It is taken for granted that medical technologies will advance apace in the future, permitting rapid healing and perhaps even shaping of the human body, but it is unclear as to what direction this technology will take for most of us. Indeed, a surprising number of staples of the science-fiction medbay are already in use, from MRI and CT providing real time imaging of the internal functions of the body, to the hypospray providing needleless injections of drugs. 

What, then, can we look forwards to doctors of the far future applying?


Forced Regeneration

Using drugs to discourage the formation of scar tissue, and force the multiplication of progenitor cells in the area of an injury, the regeneration of damaged tissue can be forced. There are sharp limits to this technique, however, especially where the brain and heart are involved. Further, if this technique is frequently applied, the recipient runs a high risk of developing cancerous tumors in the healed tissue. 


Organ Cloning

Used where forcing regeneration fails, the patient can be kept alive with mechanical assistance until such a time as it is possible to harvest his DNA, and insert it into standardized progenitor cells. The growth of these can then be controlled until an appropriate replacement organ is available for the patient. 


Nanomechanical Mimickry

Used where cloned organs are not available, considered untenable, or simply not fast enough, bio-compatible nanomachines may be injected into the target site, and guided to their destination via radio field. There, they latch on, and provide function lost by the damaged cells of the body. This technique is most often used to replace bones and filtration - type cells, such as the kidney, liver, and lung, and does a poor job of replacing muscle or glandular tissue.

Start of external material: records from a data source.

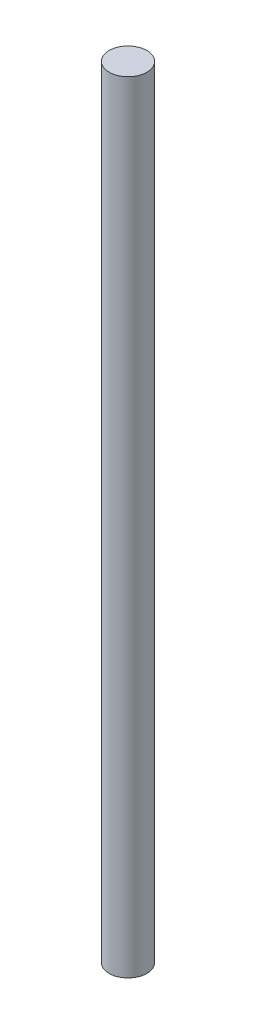
SolidWorks part; units mm, degrees
ref_plane "Front Plane" through (0, 0, 0) normal (0, 0, 1) x (1, 0, 0)
ref_plane "Top Plane" through (0, 0, 0) normal (0, 1, 0) x (1, 0, 0)
ref_plane "Right Plane" through (0, 0, 0) normal (1, 0, 0) x (0, 0, -1)
sketch "Sketch1" plane through (0, 0, 0) normal (0, 1, 0) x (1, 0, 0)
  circle A0 centre (0, 0) radius 88.9
  dimension "D1" = 177.8
extrude "Boss-Extrude1" add sketch "Sketch1" along normal blind 3683
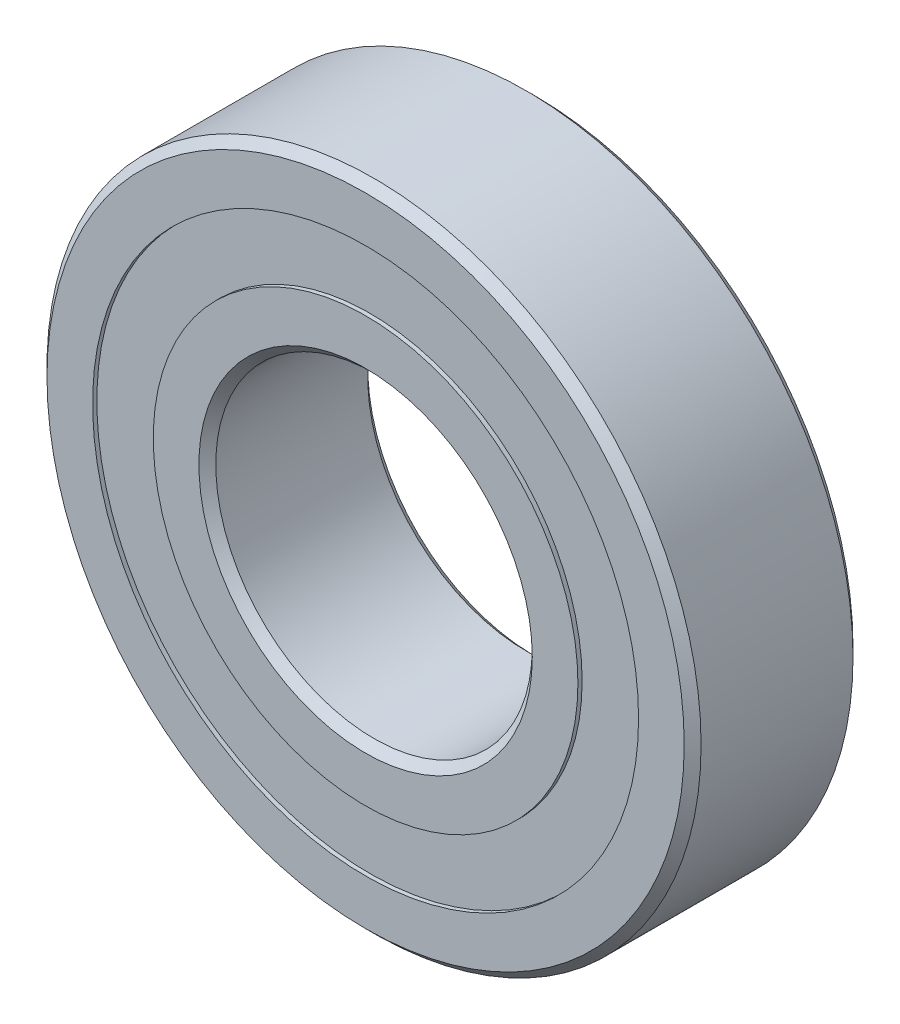
SolidWorks part; units mm, degrees
ref_plane "Front Plane" through (0, 0, 0) normal (0, 0, 1) x (1, 0, 0)
ref_plane "Top Plane" through (0, 0, 0) normal (0, 1, 0) x (1, 0, 0)
ref_plane "Right Plane" through (0, 0, 0) normal (1, 0, 0) x (0, 0, -1)
sketch "Sketch1" plane through (0, 0, 0) normal (0, 0, 1) x (1, 0, 0)
  circle A0 centre (0, 0) radius 31 construction
  circle A1 centre (0, 0) radius 15 construction
  dimension "OD" = 62
  dimension "ID" = 30
sketch "Sketch2" plane through (0, 0, 0) normal (1, 0, 0) x (0, 0, -1)
  line L0 (-8, 0) -> (8, 0) construction
  line L1 (0, 31) -> (0, -31) construction
  line L2 (7.2, 31) -> (-7.2, 31) construction
  line L3 (-7.2, 31) -> (-8, 30.2) construction
  line L4 (-8, 30.2) -> (-8, 25.875) construction
  line L5 (-8, 25.875) -> (-3.5556, 25.875) construction
  line L6 (8, 25.875) -> (3.5556, 25.875) construction
  line L7 (8, 30.2) -> (8, 25.875) construction
  line L8 (7.2, 31) -> (8, 30.2) construction
  line L9 (0, 31) -> (0, 23) construction
  line L10 (0, 23) -> (0, 15) construction
  line L11 (8, 23) -> (-8, 23) construction
  line L12 (-8, 15.8) -> (-8, 20.125) construction
  line L13 (-7.2, 15) -> (-8, 15.8) construction
  line L14 (7.2, 15) -> (-7.2, 15) construction
  line L15 (7.2, 15) -> (8, 15.8) construction
  line L16 (8, 15.8) -> (8, 20.125) construction
  line L17 (8, 20.125) -> (3.5556, 20.125) construction
  line L18 (-8, 20.125) -> (-3.5556, 20.125) construction
  line L19 (-8, 15) -> (-8, -15) construction
  line L20 (8, 31) -> (8, -31) construction
  arc A0 (-3.5556, 25.875) -> (3.5556, 25.875) centre (0, 23) cw construction
  arc A1 (-3.5556, 20.125) -> (3.5556, 20.125) centre (0, 23) ccw construction
  point P14 (0, 15)
  point P18 (0, 23)
  dimension "Approx. Ball Dia." = 9.145
  dimension "D1" = 45
  dimension "D2" = 0.8
  dimension "D3" = 7.1111
  dimension "D4" = 2.875
  dimension "Width" = 16
  dimension "For Shaft Diameter" = 30
  dimension "For Housing ID" = 62
sketch "Sketch3" plane through (0, 0, 0) normal (1, 0, 0) x (0, 0, -1)
  line L0 (-8, 30.2) -> (-8, 25.875) construction
  line L1 (-7.2, 31) -> (-8, 30.2) construction
  line L2 (7.2, 31) -> (-7.2, 31) construction
  line L3 (7.2, 31) -> (8, 30.2) construction
  line L4 (8, 30.2) -> (8, 25.875) construction
  line L5 (8, 25.875) -> (3.5556, 25.875) construction
  line L6 (-8, 25.875) -> (-3.5556, 25.875) construction
  line L7 (-8, 30.2) -> (-8, 25.875)
  line L8 (-7.2, 31) -> (-8, 30.2)
  line L9 (7.2, 31) -> (-7.2, 31)
  line L10 (7.2, 31) -> (8, 30.2)
  line L11 (8, 30.2) -> (8, 25.875)
  line L12 (8, 25.875) -> (3.5556, 25.875)
  line L13 (-8, 25.875) -> (-3.5556, 25.875)
  line L14 (-8, 15.8) -> (-8, 20.125) construction
  line L15 (-7.2, 15) -> (-8, 15.8) construction
  line L16 (7.2, 15) -> (-7.2, 15) construction
  line L17 (7.2, 15) -> (8, 15.8) construction
  line L18 (8, 15.8) -> (8, 20.125) construction
  line L19 (8, 20.125) -> (3.5556, 20.125) construction
  line L20 (-8, 20.125) -> (-3.5556, 20.125) construction
  line L21 (-8, 15.8) -> (-8, 20.125)
  line L22 (-7.2, 15) -> (-8, 15.8)
  line L23 (7.2, 15) -> (-7.2, 15)
  line L24 (7.2, 15) -> (8, 15.8)
  line L25 (8, 15.8) -> (8, 20.125)
  line L26 (8, 20.125) -> (3.5556, 20.125)
  line L27 (-8, 20.125) -> (-3.5556, 20.125)
  arc A0 (3.5556, 25.875) -> (-3.5556, 25.875) centre (0, 23) ccw construction
  arc A1 (3.5556, 25.875) -> (-3.5556, 25.875) centre (0, 23) ccw
  arc A2 (-3.5556, 20.125) -> (3.5556, 20.125) centre (0, 23) ccw construction
  arc A3 (-3.5556, 20.125) -> (3.5556, 20.125) centre (0, 23) ccw
revolve "Revolve1" add sketch "Sketch3" angle 360 about L0
sketch "Sketch4" plane through (0, 0, 0) normal (1, 0, 0) x (0, 0, -1)
  line L0 (-4.5725, 23) -> (4.5725, 23)
  arc A2 (-4.5725, 23) -> (4.5725, 23) centre (0, 23) cw
  arc A3 (3.5556, 25.875) -> (-3.5556, 25.875) centre (0, 23) ccw construction
revolve "Revolve2" add sketch "Sketch4" angle 360 about L0
pattern_circular "CirPattern1" count 11 over 360 about axis through (0, 0, 0) along (0, 0, 1) of bodies 104
sketch "Sketch5" plane through (0, 0, 0) normal (1, 0, 0) x (0, 0, -1)
  line L0 (-8, 25.875) -> (-3.5556, 25.875) construction
  line L1 (-7.6, 25.875) -> (-4.5725, 25.875)
  line L2 (-7.6, 25.875) -> (-7.6, 20.125)
  line L3 (-7.6, 20.125) -> (-4.5725, 20.125)
  line L4 (-4.5725, 25.875) -> (-4.5725, 20.125)
  line L6 (8, 25.875) -> (3.5556, 25.875) construction
  line L7 (7.6, 25.875) -> (4.5725, 25.875)
  line L8 (7.6, 25.875) -> (7.6, 20.125)
  line L9 (7.6, 20.125) -> (4.5725, 20.125)
  line L10 (4.5725, 25.875) -> (4.5725, 20.125)
  line L12 (-7.2, 31) -> (-8, 30.2) construction
  line L13 (-8, 20.125) -> (-3.5556, 20.125) construction
  line L14 (8, 20.125) -> (3.5556, 20.125) construction
  point P18 (-7.6, 30.6)
revolve "Revolve3" add sketch "Sketch5" angle 360 about L0
equation "\"D2@Sketch2\"= \"Width@Sketch2\" * .05"
equation "\"D3@Sketch2\"=\"Width@Sketch2\" / 2.25"
equation "\"D4@Sketch2\"=( \"OD@Sketch1\" - \"Width@Sketch2\" ) *.5 *.125"
equation "\"Approx. No. of Balls\"= ( pi * \"OD@Sketch1\" ) * .5 / \"Approx. Ball Dia.@Sketch2\""
equation "\"Balls@CirPattern1\"=\"Approx. No. of Balls\""
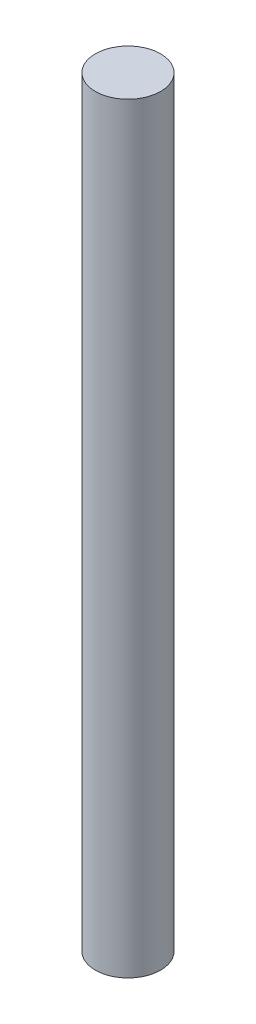
SolidWorks part; units mm, degrees
ref_plane "Front Plane" through (0, 0, 0) normal (0, 0, 1) x (1, 0, 0)
ref_plane "Top Plane" through (0, 0, 0) normal (0, 1, 0) x (1, 0, 0)
ref_plane "Right Plane" through (0, 0, 0) normal (1, 0, 0) x (0, 0, -1)
sketch "Sketch1" plane through (0, 0, 0) normal (0, 1, 0) x (1, 0, 0)
  circle A0 centre (0, 0) radius 9
  dimension "D1" = 18
extrude "Boss-Extrude1" add sketch "Sketch1" along normal blind 210
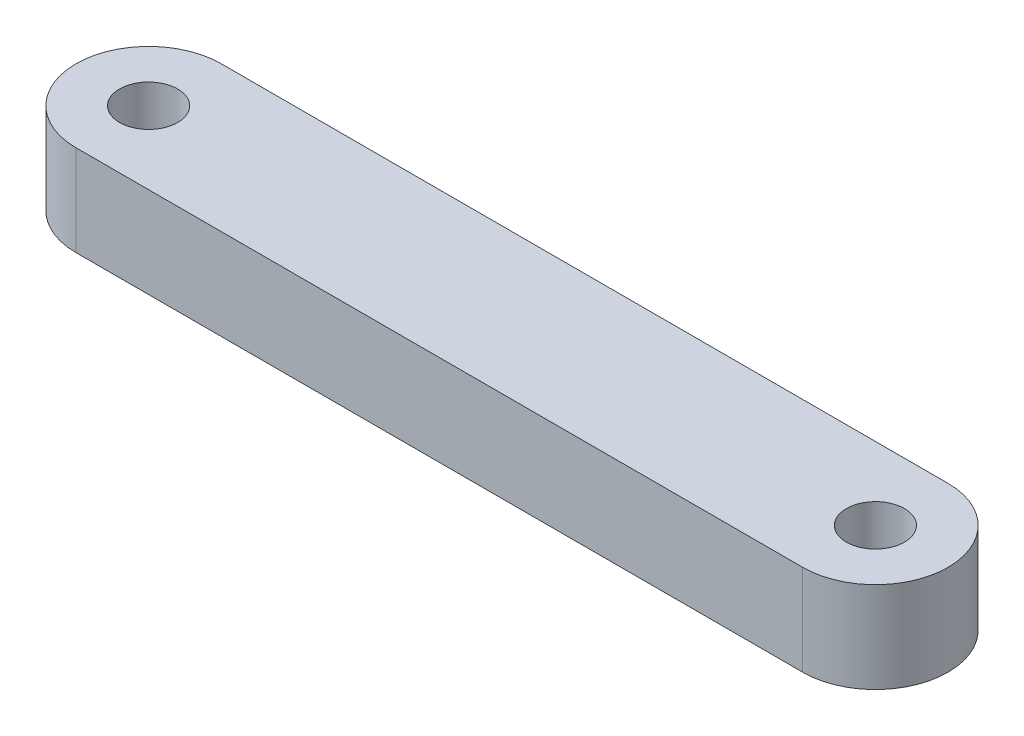
SolidWorks part; units mm, degrees
ref_plane "Plan de face" through (0, 0, 0) normal (0, 0, 1) x (1, 0, 0)
ref_plane "Plan de dessus" through (0, 0, 0) normal (0, 1, 0) x (1, 0, 0)
ref_plane "Plan de droite" through (0, 0, 0) normal (1, 0, 0) x (0, 0, -1)
sketch "Esquisse1" plane through (0, 0, 0) normal (0, 1, 0) x (1, 0, 0)
  line L0 (0, 4) -> (0, -4) construction
  line L1 (-24, 0) -> (24, 0) construction
  line L2 (20, 0) -> (-20, 0) construction
  line L3 (20, -4) -> (-20, -4)
  line L4 (20, 4) -> (-20, 4)
  arc A0 (20, -4) -> (20, 4) centre (20, 0) ccw
  arc A1 (-20, 4) -> (-20, -4) centre (-20, 0) ccw
  circle A2 centre (-20, 0) radius 1.6
  circle A3 centre (20, 0) radius 1.6
  point P7 (0, 0)
  dimension "D3" = 3.2
  dimension "D1" = 8
  dimension "D2" = 40
  dimension "D4" = 20
  dimension "D5" = 20
extrude "Boss.-Extru.1" add sketch "Esquisse1" along normal blind 5
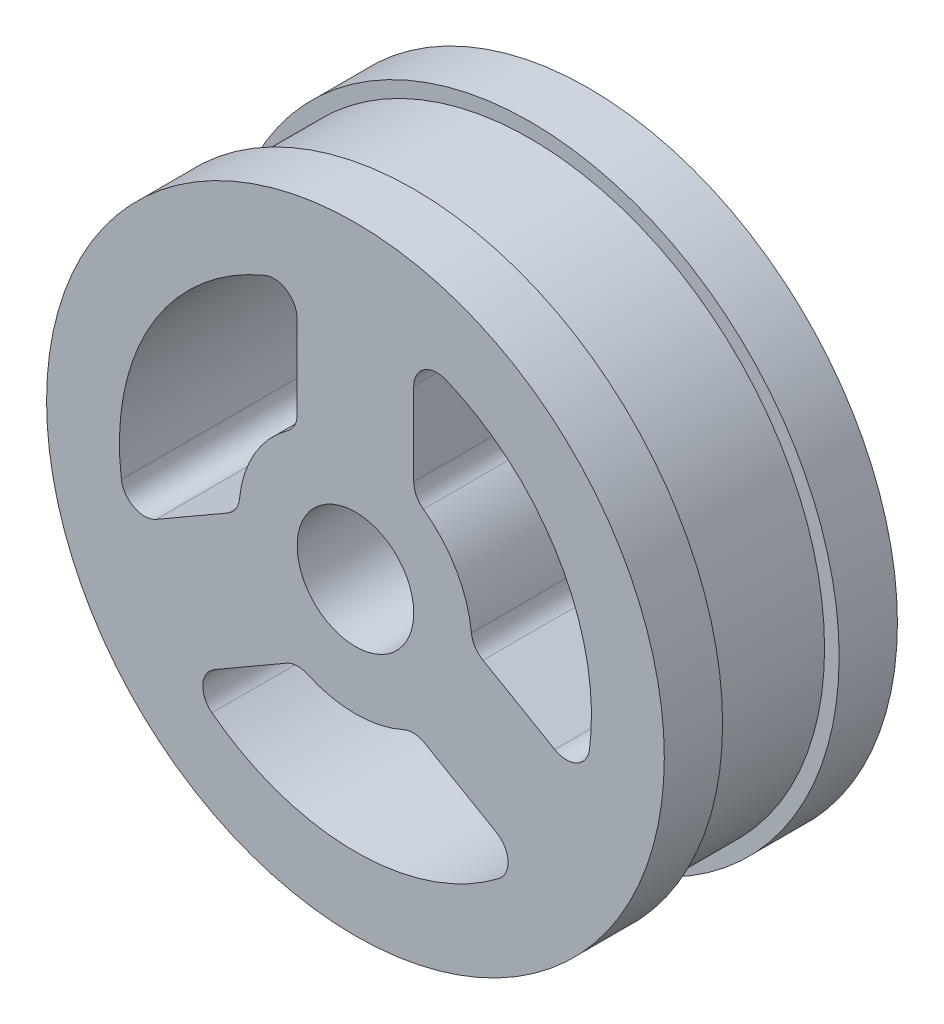
SolidWorks part; units mm, degrees
material "PE High Density"
ref_plane "Front Plane" through (0, 0, 0) normal (0, 0, 1) x (1, 0, 0)
ref_plane "Top Plane" through (0, 0, 0) normal (0, 1, 0) x (1, 0, 0)
ref_plane "Right Plane" through (0, 0, 0) normal (1, 0, 0) x (0, 0, -1)
sketch "Sketch1" plane through (0, 0, 0) normal (0, 0, 1) x (1, 0, 0)
  circle A0 centre (0, 0) radius 26.5
  dimension "D1" = 53
extrude "Boss-Extrude1" add sketch "Sketch1" along normal blind 5
sketch "Sketch2" plane through (0, 0, 5) normal (0, 0, 1) x (1, 0, 0)
  circle A0 centre (0, 0) radius 25.25
  dimension "D1" = 50.5
extrude "Boss-Extrude2" add sketch "Sketch2" along normal blind 10
sketch "Sketch3" plane through (0, 0, 15) normal (0, 0, 1) x (1, 0, 0)
  circle A1 centre (0, 0) radius 25.25
  circle A2 centre (0, 0) radius 25.25
  circle A3 centre (0, 0) radius 26.5
  circle A4 centre (0, 0) radius 26.5
  dimension "D1" = 0
  dimension "D2" = 0
extrude "Boss-Extrude3" add sketch "Sketch3" along normal blind 5 contours A4
sketch "Sketch4" plane through (0, 0, 20) normal (0, 0, 1) x (1, 0, 0)
  circle A0 centre (0, 0) radius 5
  dimension "D1" = 10
extrude "Cut-Extrude1" cut sketch "Sketch4" against normal through all
sketch "Sketch5" plane through (0, 0, 0) normal (0, 1, 0) x (1, 0, 0)
  line L0 (0, 0) -> (0, -28.6983) construction
sketch "Sketch6" plane through (0, 0, 20) normal (0, 0, 1) x (1, 0, 0)
  line L0 (0, 10) -> (0, 20.25)
  line L1 (8.6603, -5) -> (17.537, -10.125)
  line L2 (-8.6603, -5) -> (-17.537, -10.125)
  line L3 (5, 8.6603) -> (5, 19.623)
  line L4 (-5, 8.6603) -> (-5, 19.623)
  line L5 (-5, 10) -> (-5, 20.25) construction
  line L6 (5, 10) -> (5, 20.25) construction
  line L7 (10, 0) -> (19.494, -5.4814)
  line L8 (5, -8.6603) -> (14.494, -14.1416)
  line L9 (-5, -8.6603) -> (-14.494, -14.1416)
  line L10 (-10, 0) -> (-19.494, -5.4814)
  circle A0 centre (0, 0) radius 25.25 construction
  circle A3 centre (0, 0) radius 25.25
  circle A4 centre (0, 0) radius 20.25
  circle A5 centre (0, 0) radius 5 construction
  circle A6 centre (0, 0) radius 5
  circle A7 centre (0, 0) radius 10
  point P19 (0, 0)
  point P35 (0, 0)
  dimension "D7" = 35.074
  dimension "D8" = 10
  dimension "D9" = 10
  dimension "D10" = 28.988
  dimension "D1" = 3
  dimension "D2" = 5
  dimension "D3" = 5
  dimension "D4" = 5
  dimension "D5" = 5
  dimension "D6" = 3
extrude "Cut-Extrude2" cut sketch "Sketch6" against normal through all contours A7 L4 A4 L10 | A7 L9 A4 L8 | A7 L7 A4 L3
fillet "Fillet1" radius 2 12 edges at (14.494, -14.1416, 10) (-14.494, -14.1416, 10) (5, -8.6603, 10) (-5, -8.6603, 10) (-19.494, -5.4814, 10) (-10, 0, 10) (-5, 8.6603, 10) (5, 19.623, 10) (10, 0, 10) (5, 8.6603, 10) (19.494, -5.4814, 10) (-5, 19.623, 10)
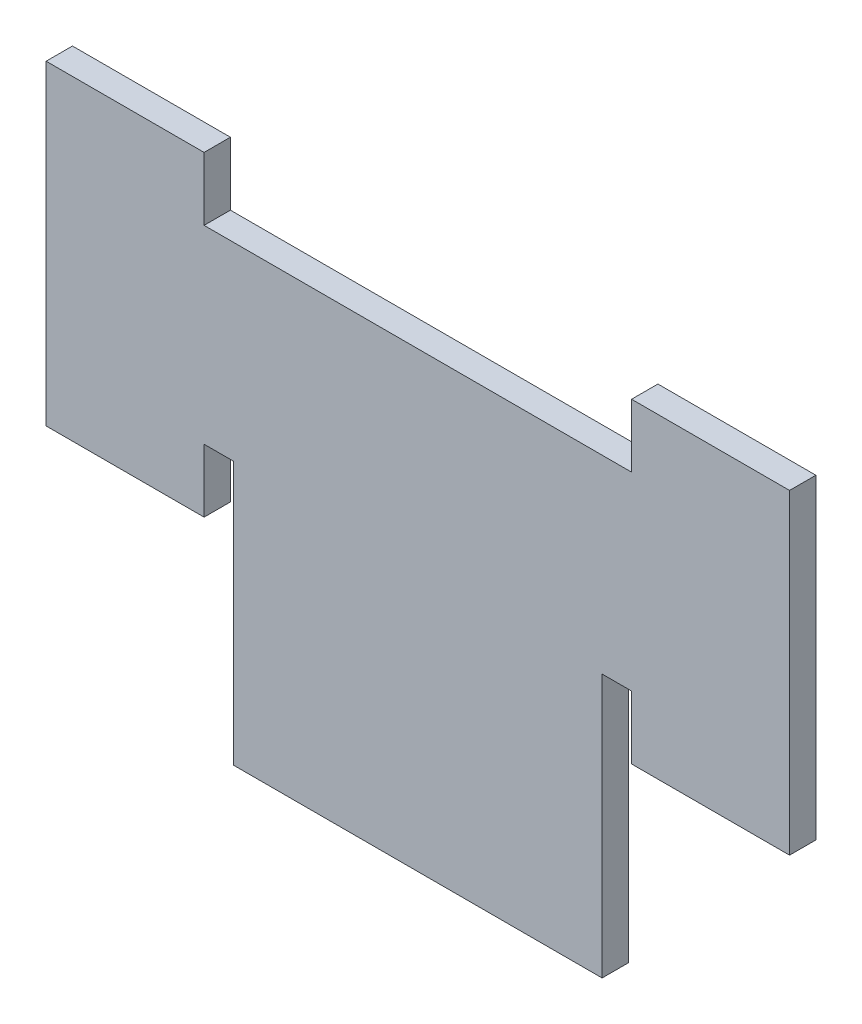
SolidWorks part; units mm, degrees
ref_plane "Front Plane" through (0, 0, 0) normal (0, 0, 1) x (1, 0, 0)
ref_plane "Top Plane" through (0, 0, 0) normal (0, 1, 0) x (1, 0, 0)
ref_plane "Right Plane" through (0, 0, 0) normal (1, 0, 0) x (0, 0, -1)
sketch "Sketch1" plane through (0, 0, 0) normal (0, 0, 1) x (1, 0, 0)
  line L0 (-3.556, 54.61) -> (48.006, 54.61)
  line L1 (-3.556, 31.75) -> (-3.556, 24.13)
  line L2 (0, 31.75) -> (0, 0)
  line L3 (0, 0) -> (44.45, 0)
  line L4 (44.45, 31.75) -> (44.45, 0)
  line L5 (0, 31.75) -> (-3.556, 31.75)
  line L6 (-3.556, 24.13) -> (-22.606, 24.13)
  line L7 (-22.606, 24.13) -> (-22.606, 62.23)
  line L8 (-22.606, 62.23) -> (-3.556, 62.23)
  line L9 (44.45, 31.75) -> (48.006, 31.75)
  line L10 (-3.556, 62.23) -> (-3.556, 54.61)
  line L11 (48.006, 31.75) -> (48.006, 24.13)
  line L12 (48.006, 24.13) -> (67.056, 24.13)
  line L13 (67.056, 24.13) -> (67.056, 62.23)
  line L14 (67.056, 62.23) -> (48.006, 62.23)
  line L15 (48.006, 62.23) -> (48.006, 54.61)
  dimension "D1" = 44.45
  dimension "D2" = 3.556
  dimension "D3" = 3.556
  dimension "D4" = 22.86
  dimension "D5" = 31.75
  dimension "D6" = 38.1
  dimension "D7" = 19.05
extrude "Boss-Extrude1" add sketch "Sketch1" along normal blind 3.175

Direct Genetic Modification

Primarily for application to genetic diseases, this uses retroviruses to insert a functioning gene into the patient's DNA. This can only add new proteins to expression, replacing non-functional versions. It is highly likely that this will not fully cure the patient, as it cannot reach every cell in the body, however, it will provide relief from the worst of expressed symptoms. Ironically, this technique is often used to fight extremely potent retroviruses, such as HIV and its derivitatives, causing the body to produce its own, mutating, spectrum of antiviral compounds. 

Modified cells may be subject to attack from the immune system. 


Bacteriophages

Originally developed in the USSR, direct control of the genetic code permits efficient, single-target bacteriophages to be generated from samples of the patients infection. Used where conventional antibiotics fail, these artificially generated viruses hunt and kill bacteria in the human body, with a high level of efficiency. 


Mechanical and Biological Replacement

Better. Stronger. Faster. We have the technology.



Additional Ideas (3)

Printable tissues

Three dimensional printers will become capable of not just printing plastics or metals, but organics. Defective heart valve? Take a scan and 'shop the affected area, then wait a day or two for your new heart to be printed, and you'll have a new heart free of defects. How about that broken nose from 8th grade? We can print you a new one in just a day. Always wanted blue eyes you say ...
0xp

2010-04-13 10:51 PM » Link: [6016#73622|text]
Synthetic Blood

Blood shortages are a common issue in the medical field, and as demand rises in the face of blood born pathogens, shortages are a major problem. Using algea modified with bone marrow DNA, scientists produce the first batches of artificial blood. The primitive plants produce red blood cells the way a tree produces fruit, or a grass plant sends out a runner to create a new plant. The cells bud off of the parent plant and drift away. The blood is harvested, mixed with synthetic plasma created via a second strain of genetically modified algea.

0xp

2010-04-14 09:17 AM » Link: [6016#73625|text]
Universal Organs

Internal organs are mass produced with a flexible gene series. Once the organ is connected with the body and the host is providing blood to said organ, the new organ is then exposed to a certain electromagnetic radiation (or another exotic kind) and the cells within the organ shift their genetic codes to match the host. Universal organs would be hardier than garden variety human organs and more efficient, of course.
0xp

2010-04-16 09:04 AM » Link: [6016#73631|text]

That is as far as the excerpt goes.